Q2: Why does the aggregate demand curve slope downwards? Give
real world examples of three effects that explain the slope of the
curve?

Ans:
• Aggregate demand curve slope always downwards, it is due to the
relationship between price and demand. As aggregate level of price of
increases and level of demand decreases then it results to downward
slope.

• As the price level falls the interest rate also tends to fall.
the price level drops, interest rates fall, domestic investment in foreign
countries increases, the real exchange rate depreciates, net exports
increases, and aggregate demand increases.

Q3: Suppose the economy is currently in a recession. If policy makers


take no action, how will the economy change overtime? Explain in
words and using an aggregate demand and aggregate supply diagram.

Ans:
According to classical theory concept there is full employment and the
chances of voluntary unemployment i.e. there is work in the economy but
people don’t want to work.

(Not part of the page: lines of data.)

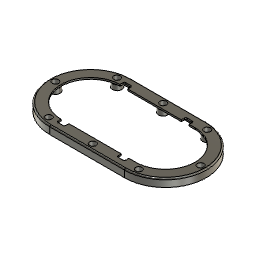
LG portable AC adapter (Autodesk Fusion 360 design; units mm, degrees)
Autodesk Fusion 360 part; units mm, degrees
sketch "Sketch1" plane through (0, 0, 0) normal (0, 0, 1) x (1, 0, 0)
  line L0 (0, 0) -> (210, 0)
  line L1 (210, 0) -> (210, 93)
  line L2 (210, 93) -> (0, 93)
  line L3 (0, 93) -> (0, 0)
  circle A0 centre (46.5, 46.5) radius 46.5
  circle A1 centre (163.5, 46.5) radius 46.5
  line L4 (47, 0) -> (59, 0)
  line L5 (59, 0) -> (59, -7)
  line L6 (59, -7) -> (47, -7)
  line L7 (47, -7) -> (47, 0)
  line L8 (46, 93) -> (58, 93)
  line L9 (58, 93) -> (58, 100)
  line L10 (58, 100) -> (46, 100)
  line L11 (46, 100) -> (46, 93)
  line L12 (154, 93) -> (142, 93)
  line L13 (142, 93) -> (142, 100)
  line L14 (142, 100) -> (154, 100)
  line L15 (154, 100) -> (154, 93)
  line L16 (141, 0) -> (153, 0)
  line L17 (153, 0) -> (153, -7)
  line L18 (153, -7) -> (141, -7)
  line L19 (141, -7) -> (141, 0)
  line L20 (-15, -15) -> (225, -15)
  line L21 (225, -15) -> (225, 108)
  line L22 (225, 108) -> (-15, 108)
  line L23 (-15, 108) -> (-15, -15)
  circle A2 centre (46.5, 46.5) radius 61.5
  circle A3 centre (163.5, 46.5) radius 61.5
  dimension "d1" = 210
  dimension "d2" = 93
  dimension "d3" = 47
  dimension "d4" = 12
  dimension "d6" = 46
  dimension "d7" = 12
  dimension "d9" = 56
  dimension "d10" = 12
  dimension "d12" = 57
  dimension "d13" = 12
  dimension "d15" = 15
  dimension "d16" = 15
  dimension "d17" = 15
  dimension "d18" = 7
  dimension "d19" = 7
  dimension "d20" = 7
  dimension "d21" = 7
  constraint horizontal L0
  constraint vertical L1
  constraint horizontal L2
  constraint vertical L3
  constraint coincident L0.start L3.end
  constraint tangent L0 A0
  constraint tangent L0 A1
  constraint tangent L2 A1
  constraint tangent L1 A1
  constraint tangent L2 A0
  constraint tangent L3 A0
  constraint horizontal L4
  constraint vertical L5
  constraint horizontal L6
  constraint vertical L7
  constraint coincident L0 L4.start
  constraint horizontal L8
  constraint vertical L9
  constraint horizontal L10
  constraint vertical L11
  constraint coincident L2 L8.start
  constraint horizontal L12
  constraint vertical L13
  constraint horizontal L14
  constraint vertical L15
  constraint coincident L2 L12.start
  constraint horizontal L16
  constraint vertical L17
  constraint horizontal L18
  constraint vertical L19
  constraint coincident L0 L16.start
  measures "d1" distance of L1.end L2.end
  measures "d2" distance of L0.end L1.end
  measures "d3" distance of L3 L7
  measures "d4" distance of L5.end L6.end
  measures "d6" distance of L3 L11
  measures "d7" distance of L9.end L10.end
  measures "d9" distance of L1 L15
  measures "d10" distance of L13 L15
  measures "d12" distance of L1 L17
  measures "d13" distance of L17.end L18.end
  measures "d18" distance of L2 L10
  measures "d19" distance of L2 L14
  measures "d20" distance of L0 L6
  measures "d21" distance of L0 L18
extrude "Extrude1" add sketch "Sketch1" along normal blind 2.4 contours L0 L5 L6 L7 A2 | L0 L3 A0 A2 | L0 L20 A2 A3 | L3 A2 | L2 L3 A0 L8 A2 | L0 L17 L18 L19 A3 | L2 L9 L10 L11 A2 | L0 L1 A1 A3 | L2 L22 A2 A3 | L2 L13 L14 L15 A3 | L1 A3 | L1 L2 A1 A3
ref_plane "WorkPlane1" through (105, 100.5, -10) normal (0, 0, 1) x (1, 0, 0)
sketch "Sketch2" plane through (0, 0, -10) normal (0, 0, 1) x (1, 0, 0)
  line L0 (153, 0) -> (163.5, 0)
  arc A0 (163.5, 0) -> (163.5, 93) centre (163.5, 46.5) ccw
  line L1 (163.5, 93) -> (154, 93)
  line L2 (154, 93) -> (154, 100)
  line L3 (154, 100) -> (142, 100)
  line L4 (142, 100) -> (142, 93)
  line L5 (142, 93) -> (58, 93)
  line L6 (58, 93) -> (58, 100)
  line L7 (58, 100) -> (46, 100)
  line L8 (46, 100) -> (46, 93)
  line L9 (46, 93) -> (46.5, 93)
  arc A1 (46.5, 93) -> (46.5, 0) centre (46.5, 46.5) ccw
  line L10 (46.5, 0) -> (47, 0)
  line L11 (47, 0) -> (47, -7)
  line L12 (47, -7) -> (59, -7)
  line L13 (59, -7) -> (59, 0)
  line L14 (59, 0) -> (141, 0)
  line L15 (141, 0) -> (141, -7)
  line L16 (141, -7) -> (153, -7)
  line L17 (153, -7) -> (153, 0)
  arc A2 (163.5, -15) -> (163.5, 108) centre (163.5, 46.5) ccw
  line L18 (163.5, -15) -> (46.5, -15)
  arc A3 (46.5, 108) -> (46.5, -15) centre (46.5, 46.5) ccw
  line L19 (46.5, 108) -> (163.5, 108)
  line L20 (163.5, -17.4) -> (46.5, -17.4)
  arc A4 (46.5, 110.4) -> (46.5, -17.4) centre (46.5, 46.5) ccw
  line L21 (46.5, 110.4) -> (163.5, 110.4)
  arc A5 (163.5, -17.4) -> (163.5, 110.4) centre (163.5, 46.5) ccw
  dimension "d25" = -2.4
extrude "Extrude2" add sketch "Sketch2" along normal up to surface (12.4 mm away) contours L20 A4 L21 A5
sketch "Sketch3" plane through (0, 0, 2.4) normal (0, 0, 1) x (-1, 0, 0)
  line L0 (-163.5, -110.4) -> (-46.5, -110.4)
  arc A0 (-46.5, -110.4) -> (-46.5, 17.4) centre (-46.5, -46.5) ccw
  line L1 (-46.5, 17.4) -> (-163.5, 17.4)
  arc A1 (-163.5, 17.4) -> (-163.5, -110.4) centre (-163.5, -46.5) ccw
  line L2 (-163.5, 0) -> (-153, 0)
  line L3 (-153, 0) -> (-153, 7)
  line L4 (-153, 7) -> (-141, 7)
  line L5 (-141, 7) -> (-141, 0)
  line L6 (-141, 0) -> (-59, 0)
  line L7 (-59, 0) -> (-59, 7)
  line L8 (-59, 7) -> (-47, 7)
  line L9 (-47, 7) -> (-47, 0)
  line L10 (-47, 0) -> (-46.5, 0)
  arc A2 (-46.5, -93) -> (-46.5, 0) centre (-46.5, -46.5) ccw
  line L11 (-46.5, -93) -> (-46, -93)
  line L12 (-46, -93) -> (-46, -100)
  line L13 (-46, -100) -> (-58, -100)
  line L14 (-58, -100) -> (-58, -93)
  line L15 (-58, -93) -> (-142, -93)
  line L16 (-142, -93) -> (-142, -100)
  line L17 (-142, -100) -> (-154, -100)
  line L18 (-154, -100) -> (-154, -93)
  line L19 (-154, -93) -> (-163.5, -93)
  arc A3 (-163.5, 0) -> (-163.5, -93) centre (-163.5, -46.5) ccw
  circle A4 centre (-218.5, -46.5) radius 5
  circle A5 centre (-218.5, -46.5) radius 7.4
  circle A6 centre (8.5, -46.5) radius 5
  circle A7 centre (8.5, -46.5) radius 7.4
  circle A8 centre (-105, -101.5) radius 5
  circle A9 centre (-105, -101.5) radius 7.4
  line L20 (-46.5, -46.5) -> (-163.5, -46.5) construction
  circle A10 centre (-105, 8.5) radius 5
  circle A11 centre (-105, 8.5) radius 7.4
  circle A12 centre (-175.5, -100) radius 5
  circle A13 centre (-175.5, -100) radius 7.4
  circle A14 centre (-175.5, 7) radius 7.4
  circle A15 centre (-175.5, 7) radius 5
  line L21 (-105, -101.5) -> (-105, 8.5) construction
  circle A16 centre (-34.5, -100) radius 5
  circle A17 centre (-34.5, -100) radius 7.4
  circle A18 centre (-34.5, 7) radius 5
  circle A19 centre (-34.5, 7) radius 7.4
  circle A20 centre (-34.5, -100) radius 2.1
  circle A21 centre (-105, -101.5) radius 2.1
  circle A22 centre (-175.5, -100) radius 2.1
  circle A23 centre (-34.5, 7) radius 2.1
  circle A24 centre (-105, 8.5) radius 2.1
  circle A25 centre (-175.5, 7) radius 2.1
  circle A26 centre (8.5, -46.5) radius 2.1
  circle A27 centre (-218.5, -46.5) radius 2.1
  point P0 (-105, -46.5)
  dimension "d28" = 10
  dimension "d29" = 2.4
  dimension "d30" = 55
  dimension "d31" = 10
  dimension "d32" = 2.4
  dimension "d33" = 55
  dimension "d34" = 10
  dimension "d35" = 2.4
  dimension "d36" = 55
  dimension "d37" = 2.4
  dimension "d38" = 10
  dimension "d39" = 55
  dimension "d42" = 2.4
  dimension "d43" = 10
  dimension "d44" = 53.5
  dimension "d45" = 12
  dimension "d46" = 4.2
  dimension "d47" = 4.2
  dimension "d48" = 4.2
  dimension "d49" = 4.2
  dimension "d50" = 4.2
  dimension "d51" = 4.2
  dimension "d52" = 4.2
  dimension "d53" = 4.2
  constraint horizontal A1.centre A4.centre
  constraint horizontal A0.centre A6.centre
  constraint coincident A0.centre A2.centre
  constraint coincident A1.centre A3.centre
  constraint midpoint L20 P0
  constraint vertical A8.centre P0
  constraint vertical P0 A10.centre
  constraint symmetric L20 A12 A15
  constraint symmetric L20 A13 A14
  constraint coincident A8.centre A9.centre
  constraint coincident A10.centre A11.centre
  constraint symmetric A12 L21 A16
  constraint symmetric A13 L21 A17
  constraint symmetric A14 L21 A19
  constraint symmetric A15 L21 A18
  constraint concentric A16 A20
  constraint concentric A8 A21
  constraint concentric A12 A22
  constraint concentric A19 A23
  constraint concentric A10 A24
  constraint concentric A15 A25
  constraint concentric A6 A26
  constraint concentric A4 A27
  measures "d28" diameter of A4
  measures "d30" distance of A1.centre A4.centre
  measures "d31" diameter of A6
  measures "d33" distance of A0.centre A6.centre
  measures "d34" diameter of A8
  measures "d36" distance of A8.centre L20
  measures "d38" diameter of A10
  measures "d39" distance of L20 A10.centre
  measures "d43" diameter of A12
  measures "d44" vertical distance of A1.centre A12.centre
  measures "d45" horizontal distance of A1.centre A12.centre
  measures "d46" diameter of A20
  measures "d47" diameter of A21
  measures "d48" diameter of A22
  measures "d49" diameter of A27
  measures "d50" diameter of A25
  measures "d51" diameter of A24
  measures "d52" diameter of A23
  measures "d53" diameter of A26
extrude "Extrude3" add sketch "Sketch3" against normal blind 12.4 contours A4 | A5 | A6 | A7 | A8 | A9 | A10 | A11 | A12 | A13 | A14 | A15 | A16 | A17 | A18 | A19 | A20 | A21 | A22 | A23 | A24 | A25 | A26 | A27
extrude "Extrude4" cut sketch "Sketch3" against normal blind 10 contours A4 | A6 | A8 | A10 | A12 | A15 | A16 | A18
extrude "Extrude5" cut sketch "Sketch3" against normal through all contours A20 | A21 | A22 | A23 | A24 | A25 | A26 | A27
fillet "Fillet1" radius 2 8 edges at (58, 100, 1.2) (46, 100, 1.2) (142, 100, 1.2) (154, 100, 1.2) (153, -7, 1.2) (141, -7, 1.2) (59, -7, 1.2) (47, -7, 1.2)
fillet "Fillet2" radius 2 20 edges at (173.8804, 92.7794, 0) (168.5826, 107.7896, 0) (136.0185, 108, 0) (105, 94.1, 0) (73.9815, 108, 0) (41.4174, 107.7896, 0) (211.4018, 85.0703, 0) (211.1, 46.5, 0) (211.4018, 7.9297, 0) (173.8804, 0.2206, 0) (136.0185, -15, 0) (168.5826, -14.7896, 0) (105, -1.1, 0) (41.4174, -14.7896, 0) (73.9815, -15, 0) (36.1196, 92.7794, 0) (-1.4018, 85.0703, 0) (-1.1, 46.5, 0) (-1.4018, 7.9297, 0) (36.1196, 0.2206, 0)
fillet "Fillet3" radius 2 4 edges at (227.4, 46.5, 2.4) (105, -17.4, 2.4) (-17.4, 46.5, 2.4) (105, 110.4, 2.4)
named bodies: "portable_ac_adapter"

According to this concept there it is explained that
there is no unemployment and no recession that stay in the economy for
longer. It says that if there is recession in the economy, it will going to be
reduced automatically.

Q4: According to Keynes full employment is not a normal feature of the


economy. What are the various factors suggested by Keynes which are
helpful in increasing the level of employment in India.

Ans:
According to Keynes concept there may be full employment, over
employment and may be under employment. According to Keynes concept if
there is increase in the level of Aggregate demand then there will decrease
in the unemployment level which means employment will increase. To
increase the in the aggregate demand we have to increase the 2 factors i.e.
Consumption and Investment. If these two factors will increase then this will
automatically effects on the employment level of India.

Q5: In 2002, President George W.Bush imposed tariffs on certain types


of imported steel.
He argued that foreign steel producers were dumping their steel on the
U.S. market at low prices. The foreign steel producers were able to sell
steel cheaply because they received subsidies from their governments.
The bush administration argued that the influx of steel was disrupting
the U.S. economy, harming the domestic steel industry, and causing
unemployment among U.S. steel workers. What might a classical
economist say in response to these claims? Would a Keynesian
economist be more or less sympathetic to the imposition of tariffs?
Why?

Ans: According to classical concept there is no interference of Govt. in the


market as it is free market situation there is no possibility of general
unemployment or instability in the normal situation.
In classical concept there is flexibility of wages, interest and prices. This help
in bringing full employment itself.

According to Keynes concept there is no chances of free market as there is


govt. interference in the economy. Every policy is there made by
government. Full involvement of government is there in Keynes concept.
Acc. To Keynes employment can be increase only when there is increase in
the level of aggregate demand.
And to increase in the level of aggregate demand there are other 2
determinants that must be increased like consumption and investment factor.
Keynesian model is more valuable than Classical concept as it involves all
the policies and other factors by the govt. and the imposition of tariffs.